> INFORMATION SUPPLIED
#####

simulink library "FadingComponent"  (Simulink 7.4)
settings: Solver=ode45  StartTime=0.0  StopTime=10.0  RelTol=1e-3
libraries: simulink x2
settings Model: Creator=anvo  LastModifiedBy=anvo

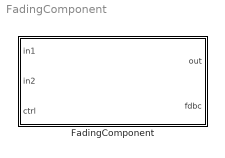
== system FadingComponent ==
  FadingComponent : Subsystem  Tag=id=_usUaEFm8EeOAF8aRyJT_5g

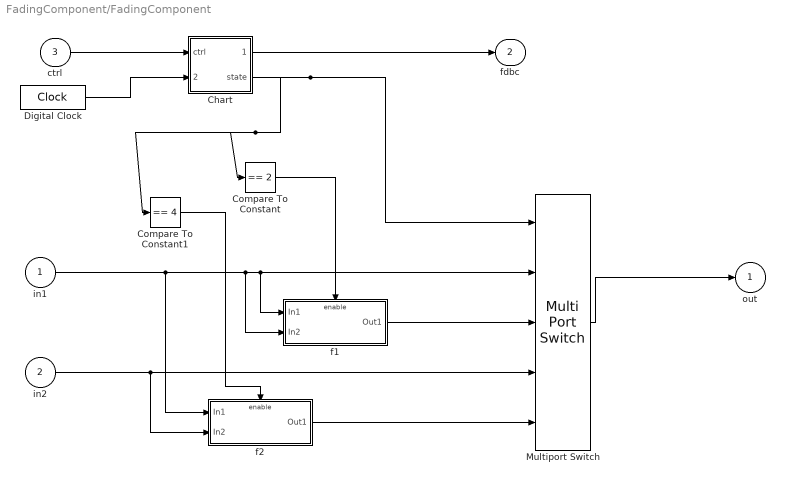
== system FadingComponent/FadingComponent ==
  in1 : Inport  Tag=id=_Hp_8cFm5EeOAF8aRyJT_5g  OutDataType=fixdt(1, 16)  OutScaling=2^0
  in2 : Inport  Tag=id=_HqH4QFm5EeOAF8aRyJT_5g  Port=2  OutDataType=fixdt(1, 16)  OutScaling=2^0
  ctrl : Inport  Tag=id=_lAWZNlm-EeOAF8aRyJT_5g  Port=3  OutDataType=fixdt(1, 16)  OutScaling=2^0
  Chart : Stateflow chart
  Compare To Constant : simulink/Logic and Bit Operations/Compare To Constant  SystemSampleTime=-1  relop===  const=2  LogicOutDataTypeMode=uint8
  Compare To Constant1 : simulink/Logic and Bit Operations/Compare To Constant  SystemSampleTime=-1  relop===  const=4  LogicOutDataTypeMode=uint8
  Digital Clock : DigitalClock  SampleTime=0.001
  Multiport Switch : MultiPortSwitch  Inputs=4  OutDataType=fixdt(1, 16)  OutScaling=2^0
  f1 : Subsystem  TreatAsAtomicUnit=on
  f2 : Subsystem  TreatAsAtomicUnit=on
  out : Outport  Tag=id=_HqWhwFm5EeOAF8aRyJT_5g  OutDataType=fixdt(1, 16)  OutScaling=2^0
  fdbc : Outport  Tag=id=_lAWZOFm-EeOAF8aRyJT_5g  Port=2  OutDataType=fixdt(1, 16)  OutScaling=2^0
  wires:
  ctrl/1 -> Chart/1(ctrl)
  Chart/1(status) -> fdbc/1
  Multiport Switch/1 -> out/1
  in1/1 -> f2/1(In1), Multiport Switch/2, f1/1(In1), f1/2(In2)
  in2/1 -> Multiport Switch/4, f2/2(In2)
  Chart/2(state) -> Multiport Switch/1, Compare To Constant/1, Compare To Constant1/1
  f1/1(Out1) -> Multiport Switch/3
  f2/1(Out1) -> Multiport Switch/5
  Compare To Constant/1 -> f1/Enable
  Compare To Constant1/1 -> f2/Enable
  Digital Clock/1 -> Chart/2(clockSignal)

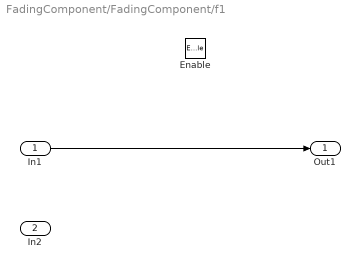
== system FadingComponent/FadingComponent/f1 ==
  In1 : Inport  OutDataType=fixdt(1, 16)  OutScaling=2^0
  In2 : Inport  Port=2  OutDataType=fixdt(1, 16)  OutScaling=2^0
  Enable : EnablePort
  Out1 : Outport  OutDataType=fixdt(1, 16)  OutScaling=2^0
  wires:
  In1/1 -> Out1/1

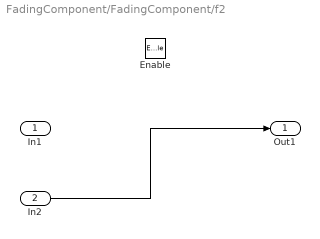
== system FadingComponent/FadingComponent/f2 ==
  In1 : Inport  OutDataType=fixdt(1, 16)  OutScaling=2^0
  In2 : Inport  Port=2  OutDataType=fixdt(1, 16)  OutScaling=2^0
  Enable : EnablePort
  Out1 : Outport  OutDataType=fixdt(1, 16)  OutScaling=2^0
  wires:
  In2/1 -> Out1/1

== stateflow chart FadingComponent/Chart ==
  state Static1
    entry: status=0;
    state=1;
  state Fading1
    entry: status=1;
    c=reset();
    state=2;
  state Fading2
    entry: status=1;
    c=reset();
    state=4;
  state Static2
    entry: status=0;
    state=3;
  (default) -> Static1
  Static1 -> Fading1 : [ctrl==1]
  Fading1 -> Static2 : [time(c) > 250]
  Static2 -> Fading2 : [ctrl==1]
  Fading2 -> Static1 : [time(c) > 250]
  data: clock function_output double; clock function_input double; logicalTime function_output uint32; ctrl input double; status output double; state output double; clockSignal input double; c local double
  function clock = reset():
    | function clock = reset() 
    | 
    |  %set clock variable to current time 
    | 
    |  clock = clockSignal;
  function logicalTime = time(clock):
    | function logicalTime = time(clock) 
    | 
    |  sample = 0.001;  % the sample time of the system clock 
    | 
    |  %convert to pass units of time after last reset 
    | 
    |  logicalTime = uint32((clockSignal - clock)/sample);
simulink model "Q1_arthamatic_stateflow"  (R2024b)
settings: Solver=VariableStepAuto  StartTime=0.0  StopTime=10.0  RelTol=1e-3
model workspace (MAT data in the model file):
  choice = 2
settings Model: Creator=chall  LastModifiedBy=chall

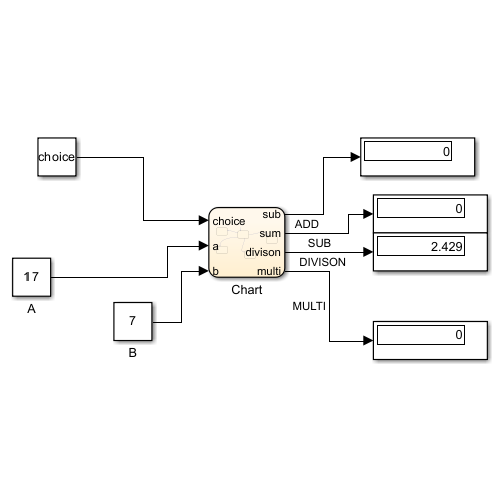
[thumbnail: Simulink's stored preview of the top-level diagram]
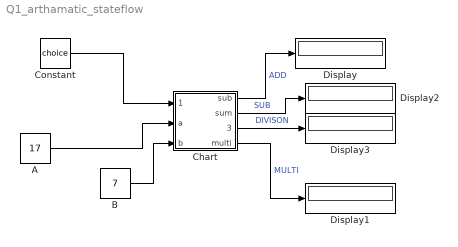
== system Q1_arthamatic_stateflow ==
  A : Constant  Value=17
  B : Constant  Value=7
  Chart : Stateflow chart  TreatAsAtomicUnit=on
  Constant : Constant  Value=choice
  Display{,1..3} (4 alike) : Display
  wires:
  Constant/1 -> Chart/1(choice)
  B/1 -> Chart/3(b)
  A/1 -> Chart/2(a)
  Chart/1(sub) -> Display/1  "ADD"
  Chart/4(multi) -> Display1/1  "MULTI"
  Chart/2(sum) -> Display2/1  "SUB"
  Chart/3(divison) -> Display3/1  "DIVISON"

== stateflow chart Q1_arthamatic_stateflow/Chart ==
  state addition
    entry :
    sum =a+b ;
  state choice
  state division
    entry:
    divison = a/b;
  state subtraction
    entry:
    sub = a-b;
  state multipication
    entry:
    multi =a*b
  (default) -> choice
  choice -> addition [order 1] : [choice ==1]
  choice -> division [order 4] : [choice ==4]
  choice -> subtraction [order 3] : [choice ==2]
  choice -> multipication [order 2] : [choice ==3]
  data: choice input; a input; b input; sub output; sum output; divison output; multi output
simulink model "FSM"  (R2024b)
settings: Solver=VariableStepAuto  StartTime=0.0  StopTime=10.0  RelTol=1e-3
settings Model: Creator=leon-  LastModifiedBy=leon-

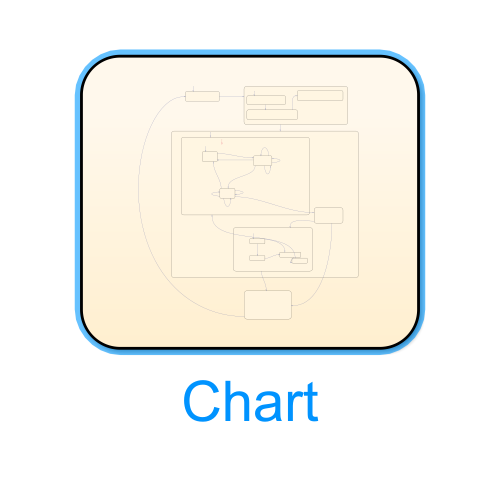
[thumbnail: Simulink's stored preview of the top-level diagram]
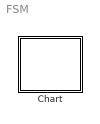
== system FSM ==
  Chart : Stateflow chart  TreatAsAtomicUnit=on

== stateflow chart FSM/Chart ==
  state Difficulty_Selection
    state Selected_Difficulty
      display_line1 = 'Selected Diff:';
      display_line2 = ['Level: ' num2str(difficulty_value)];
    state Inital_Difficulty
      display_line1 = "Difficuly";
      display_line2 = "Selection";
    state Change_Difficulty
      display_line1 = "Press Red: Change";
      display_line2 = "Press Blue: Start";
    (default) -> Inital_Difficulty : {timer = 0}
    Change_Difficulty -> Selected_Difficulty : [red_button]{changeLevel()}
    Inital_Difficulty -> Change_Difficulty : [timer > 3]
  state Idle
    display_line1="Reload and Press";
    display_line2="Button to Start";
  state In_Game
    state Human_Turn
      display_line1 = "Waiting for";
      display_line2 = "your Move";
      state Initial_IR
      state Triggered_IR
        triggered_IR = IR;
      state Wait_IR
      (default) -> Initial_IR
      Triggered_IR -> Triggered_IR [order 2] : [IR~=triggered_IR && ~timer_2]{timer_2 = 0}
      Initial_IR -> Triggered_IR : [IR]{timer_1 = 0}
      Triggered_IR -> Triggered_IR [order 4] : [IR~=triggered_IR && timer_2<0.01]
      Triggered_IR -> Initial_IR [order 1] : [IR~=triggered_IR] && timer_2=>0.01
      Wait_IR -> Initial_IR [order 3] : [IR~=triggered_IR] && timer_2=>0.01
      Triggered_IR -> Wait_IR [order 3] : [timer_1 > 0.02]{timer_1 = 0}
      Triggered_IR -> Triggered_IR [order 5] : [IR == triggered_IR]{~timer_2}
      Wait_IR -> Wait_IR [order 1] : [IR~=triggered_IR && ~timer_2]{timer_2 = 0}
      Wait_IR -> Wait_IR [order 4] : [IR == triggered_IR]{~timer_2}
      Wait_IR -> Wait_IR [order 2] : [IR~=triggered_IR && timer_2<0.01]
    state Game_Engine
      display_line1 = "Computing";
      display_line2 = "AI Move";
      updateBoard(human_col);
      AI_col = getBestMove();
    state AI_Turn
      display_line1 = "Machine executes";
      display_line2 = "Move";
      state Move_to_Mag
        motor_to_mag(AI_col)
      state Positioning
      state Initial_Move_to_Mag
        motor(dir = -1, speed = 10);
      state Move_to_AI_col
        motor_to_col(AI_col);
      (default) -> Positioning
      Move_to_AI_col -> Move_to_Mag : [complete]{~electromagnet}
      Positioning -> Move_to_AI_col [order 2] : [limit_switch1]{electromagnet}
      Positioning -> Initial_Move_to_Mag [order 1] : [~limit_switch1]
      Initial_Move_to_Mag -> Move_to_AI_col : [limit_switch1]{elecromagnet}
    (default) -> Human_Turn
    Wait_IR -> Game_Engine [order 5] : [timer_1 > 2]{human_col = triggered_IR}
    Move_to_Mag -> Human_Turn : [limit_switch1]
    Game_Engine -> AI_Turn [order 2] : [complete]
  state Game_Finish
    if (winner == "Draw") {
    display_line1 = "It's a Draw!";
    display_line2 = "";}
    else {
    display_line1 = "The winner is";
    display_line2 = winner;}
  (default) -> Idle
  Game_Finish -> Idle : [red_button || blue_button]
  Idle -> Difficulty_Selection : [red_button || blue_button]
  Difficulty_Selection -> In_Game : [blue_button]
  Game_Engine -> Game_Finish [order 1] : [is_winning_move(board, 2)]{winner = "You"}
  AI_Turn -> Game_Finish [order 1] : [is_winning_move(board, 1)]{winner = "Machine"}
  AI_Turn -> Game_Finish [order 2] : [is_draw(board)]{winner = "Draw"}
  data: IR parameter; timer local

#####

> THE TASK
Set down, from the entries above, exactly the lines from the one with "Change_Difficulty -> Selected_Difficulty" up to and including the one with "Triggered_IR -> Initial_IR", and no other lines.

> EXERCISE RESULT
    Change_Difficulty -> Selected_Difficulty : [red_button]{changeLevel()}
    Inital_Difficulty -> Change_Difficulty : [timer > 3]
  state Idle
    display_line1="Reload and Press";
    display_line2="Button to Start";
  state In_Game
    state Human_Turn
      display_line1 = "Waiting for";
      display_line2 = "your Move";
      state Initial_IR
      state Triggered_IR
        triggered_IR = IR;
      state Wait_IR
      (default) -> Initial_IR
      Triggered_IR -> Triggered_IR [order 2] : [IR~=triggered_IR && ~timer_2]{timer_2 = 0}
      Initial_IR -> Triggered_IR : [IR]{timer_1 = 0}
      Triggered_IR -> Triggered_IR [order 4] : [IR~=triggered_IR && timer_2<0.01]
      Triggered_IR -> Initial_IR [order 1] : [IR~=triggered_IR] && timer_2=>0.01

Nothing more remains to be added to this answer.